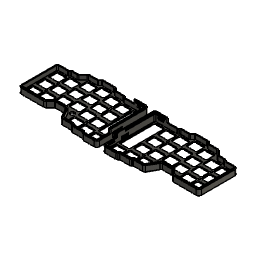
mriya-bumper-fdm-v1.04 (Autodesk Fusion 360 design; units mm, degrees)
Autodesk Fusion 360 part; units mm, degrees
(part 1 of 2)
sketch "mriya" plane through (0, 0, 0) normal (0, 0, 1) x (1, 0, 0)
  line L0 (-101.0213, 15.6719) -> (-94.7787, 21.9145) construction
  line L1 (-26.4858, 1.079) -> (-27.6142, 2.2074) construction
  line L2 (-138.1, 14.7932) -> (-103.1426, 14.7932) construction
  line L3 (-44.0716, 2.7932) -> (-29.0284, 2.7932) construction
  line L4 (-8.6, 0.4932) -> (-25.0716, 0.4932) construction
  line L5 (-64.4741, 6.1094) -> (-72.7517, 20.7608) construction
  line L6 (-45.4858, 3.379) -> (-46.6142, 4.5074) construction
  line L7 (-122.6142, 71.579) -> (-121.4858, 72.7074) construction
  line L8 (-101.0716, 81.2932) -> (-87.2284, 81.2932) construction
  line L9 (-138.1, 70.9932) -> (-124.0284, 70.9932) construction
  line L10 (-92.6574, 22.7932) -> (-76.2344, 22.7932) construction
  line L11 (-48.0284, 5.0932) -> (-62.7328, 5.0932) construction
  line L12 (-82.0716, 84.7932) -> (-64.7284, 84.7932) construction
  line L13 (-58.5716, 80.2932) -> (-45.7284, 80.2932) construction
  line L14 (-24.1, 19.4932) -> (-7.1, 19.4932) construction
  line L15 (-25.6, 20.9932) -> (-25.6, 77.9932) construction
  line L16 (-83.4858, 84.2074) -> (-85.8142, 81.879) construction
  line L17 (-63.3142, 84.2074) -> (-59.9858, 80.879) construction
  line L18 (-139.6, 69.4932) -> (-139.6, 16.2932) construction
  line L19 (-43.1858, 78.579) -> (-44.3142, 79.7074) construction
  line L20 (-99.4, 40.3932) -> (-99.4, 27.9932) construction
  line L21 (-98.6, 41.1932) -> (-86.2, 41.1932) construction
  line L22 (-98.6, 27.1932) -> (-86.2, 27.1932) construction
  line L23 (-85.4, 40.3932) -> (-85.4, 27.9932) construction
  line L24 (-42.4, 56.0932) -> (-42.4, 43.6932) construction
  line L25 (-41.6, 56.8932) -> (-29.2, 56.8932) construction
  line L26 (-41.6, 42.8932) -> (-29.2, 42.8932) construction
  line L27 (-28.4, 56.0932) -> (-28.4, 43.6932) construction
  line L28 (-61.4, 58.3932) -> (-61.4, 45.9932) construction
  line L29 (-60.6, 59.1932) -> (-48.2, 59.1932) construction
  line L30 (-60.6, 45.1932) -> (-48.2, 45.1932) construction
  line L31 (-47.4, 58.3932) -> (-47.4, 45.9932) construction
  line L32 (-137.4, 68.0932) -> (-137.4, 55.6932) construction
  line L33 (-136.6, 68.8932) -> (-124.2, 68.8932) construction
  line L34 (-136.6, 54.8932) -> (-124.2, 54.8932) construction
  line L35 (-123.4, 68.0932) -> (-123.4, 55.6932) construction
  line L36 (-61.4, 39.3932) -> (-61.4, 26.9932) construction
  line L37 (-60.6, 40.1932) -> (-48.2, 40.1932) construction
  line L38 (-60.6, 26.1932) -> (-48.2, 26.1932) construction
  line L39 (-47.4, 39.3932) -> (-47.4, 26.9932) construction
  line L40 (-42.4, 18.0932) -> (-42.4, 5.6932) construction
  line L41 (-41.6, 18.8932) -> (-29.2, 18.8932) construction
  line L42 (-41.6, 4.8932) -> (-29.2, 4.8932) construction
  line L43 (-28.4, 18.0932) -> (-28.4, 5.6932) construction
  line L44 (-23.4, 15.7932) -> (-23.4, 3.3932) construction
  line L45 (-22.6, 16.5932) -> (-10.2, 16.5932) construction
  line L46 (-22.6, 2.5932) -> (-10.2, 2.5932) construction
  line L47 (-9.4, 15.7932) -> (-9.4, 3.3932) construction
  line L48 (-137.4, 49.0932) -> (-137.4, 36.6932) construction
  line L49 (-136.6, 49.8932) -> (-124.2, 49.8932) construction
  line L50 (-136.6, 35.8932) -> (-124.2, 35.8932) construction
  line L51 (-123.4, 49.0932) -> (-123.4, 36.6932) construction
  line L52 (-118.4, 51.3932) -> (-118.4, 38.9932) construction
  line L53 (-117.6, 52.1932) -> (-105.2, 52.1932) construction
  line L54 (-117.6, 38.1932) -> (-105.2, 38.1932) construction
  line L55 (-104.4, 51.3932) -> (-104.4, 38.9932) construction
  line L56 (-137.4, 30.0932) -> (-137.4, 17.6932) construction
  line L57 (-136.6, 30.8932) -> (-124.2, 30.8932) construction
  line L58 (-136.6, 16.8932) -> (-124.2, 16.8932) construction
  line L59 (-123.4, 30.0932) -> (-123.4, 17.6932) construction
  line L60 (-61.4, 20.3932) -> (-61.4, 7.9932) construction
  line L61 (-60.6, 21.1932) -> (-48.2, 21.1932) construction
  line L62 (-60.6, 7.1932) -> (-48.2, 7.1932) construction
  line L63 (-47.4, 20.3932) -> (-47.4, 7.9932) construction
  line L64 (-80.4, 43.8932) -> (-80.4, 31.4932) construction
  line L65 (-79.6, 44.6932) -> (-67.2, 44.6932) construction
  line L66 (-79.6, 30.6932) -> (-67.2, 30.6932) construction
  line L67 (-66.4, 43.8932) -> (-66.4, 31.4932) construction
  line L68 (-80.4, 81.8932) -> (-80.4, 69.4932) construction
  line L69 (-79.6, 82.6932) -> (-67.2, 82.6932) construction
  line L70 (-79.6, 68.6932) -> (-67.2, 68.6932) construction
  line L71 (-66.4, 81.8932) -> (-66.4, 69.4932) construction
  line L72 (-42.4, 37.0932) -> (-42.4, 24.6932) construction
  line L73 (-41.6, 37.8932) -> (-29.2, 37.8932) construction
  line L74 (-41.6, 23.8932) -> (-29.2, 23.8932) construction
  line L75 (-28.4, 37.0932) -> (-28.4, 24.6932) construction
  line L76 (-118.4, 32.3932) -> (-118.4, 19.9932) construction
  line L77 (-117.6, 33.1932) -> (-105.2, 33.1932) construction
  line L78 (-117.6, 19.1932) -> (-105.2, 19.1932) construction
  line L79 (-104.4, 32.3932) -> (-104.4, 19.9932) construction
  line L80 (-61.4, 77.3932) -> (-61.4, 64.9932) construction
  line L81 (-60.6, 78.1932) -> (-48.2, 78.1932) construction
  line L82 (-60.6, 64.1932) -> (-48.2, 64.1932) construction
  line L83 (-47.4, 77.3932) -> (-47.4, 64.9932) construction
  line L84 (-42.4, 75.0932) -> (-42.4, 62.6932) construction
  line L85 (-41.6, 75.8932) -> (-29.2, 75.8932) construction
  line L86 (-41.6, 61.8932) -> (-29.2, 61.8932) construction
  line L87 (-28.4, 75.0932) -> (-28.4, 62.6932) construction
  line L88 (-118.4, 70.3932) -> (-118.4, 57.9932) construction
  line L89 (-117.6, 71.1932) -> (-105.2, 71.1932) construction
  line L90 (-117.6, 57.1932) -> (-105.2, 57.1932) construction
  line L91 (-104.4, 70.3932) -> (-104.4, 57.9932) construction
  line L92 (-99.4, 59.3932) -> (-99.4, 46.9932) construction
  line L93 (-98.6, 60.1932) -> (-86.2, 60.1932) construction
  line L94 (-98.6, 46.1932) -> (-86.2, 46.1932) construction
  line L95 (-85.4, 59.3932) -> (-85.4, 46.9932) construction
  line L96 (-80.4, 62.8932) -> (-80.4, 50.4932) construction
  line L97 (-79.6, 63.6932) -> (-67.2, 63.6932) construction
  line L98 (-79.6, 49.6932) -> (-67.2, 49.6932) construction
  line L99 (-66.4, 62.8932) -> (-66.4, 50.4932) construction
  line L100 (-99.4, 78.3932) -> (-99.4, 65.9932) construction
  line L101 (-98.6, 79.1932) -> (-86.2, 79.1932) construction
  line L102 (-98.6, 65.1932) -> (-86.2, 65.1932) construction
  line L103 (-85.4, 78.3932) -> (-85.4, 65.9932) construction
  circle A0 centre (-120.9, 53.5432) radius 1.6
  circle A1 centre (-120.9, 34.5432) radius 1.6
  circle A2 centre (-68.5, 23.5932) radius 3.5
  circle A3 centre (-44.9, 22.5432) radius 1.6
  circle A4 centre (-44.9, 60.5432) radius 1.6
  arc A5 (-43.1858, 78.579) -> (-41.7716, 77.9932) centre (-41.7716, 79.9932) ccw construction
  arc A6 (-44.3142, 79.7074) -> (-45.7284, 80.2932) centre (-45.7285, 78.2931) ccw construction
  arc A7 (-59.9858, 80.879) -> (-58.5716, 80.2932) centre (-58.5716, 82.2931) ccw construction
  arc A8 (-63.3142, 84.2074) -> (-64.7284, 84.7932) centre (-64.7285, 82.7931) ccw construction
  arc A9 (-82.0716, 84.7932) -> (-83.4858, 84.2074) centre (-82.0716, 82.7933) ccw construction
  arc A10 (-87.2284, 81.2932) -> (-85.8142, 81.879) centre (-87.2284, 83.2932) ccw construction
....
▸ What is needed:
Starting at the line that contains "arc A6 (-44.3142, 79.7074)", return every line through the last one above, exactly as written.

▸ Worked solution:
  arc A6 (-44.3142, 79.7074) -> (-45.7284, 80.2932) centre (-45.7285, 78.2931) ccw construction
  arc A7 (-59.9858, 80.879) -> (-58.5716, 80.2932) centre (-58.5716, 82.2931) ccw construction
  arc A8 (-63.3142, 84.2074) -> (-64.7284, 84.7932) centre (-64.7285, 82.7931) ccw construction
  arc A9 (-82.0716, 84.7932) -> (-83.4858, 84.2074) centre (-82.0716, 82.7933) ccw construction
  arc A10 (-87.2284, 81.2932) -> (-85.8142, 81.879) centre (-87.2284, 83.2932) ccw construction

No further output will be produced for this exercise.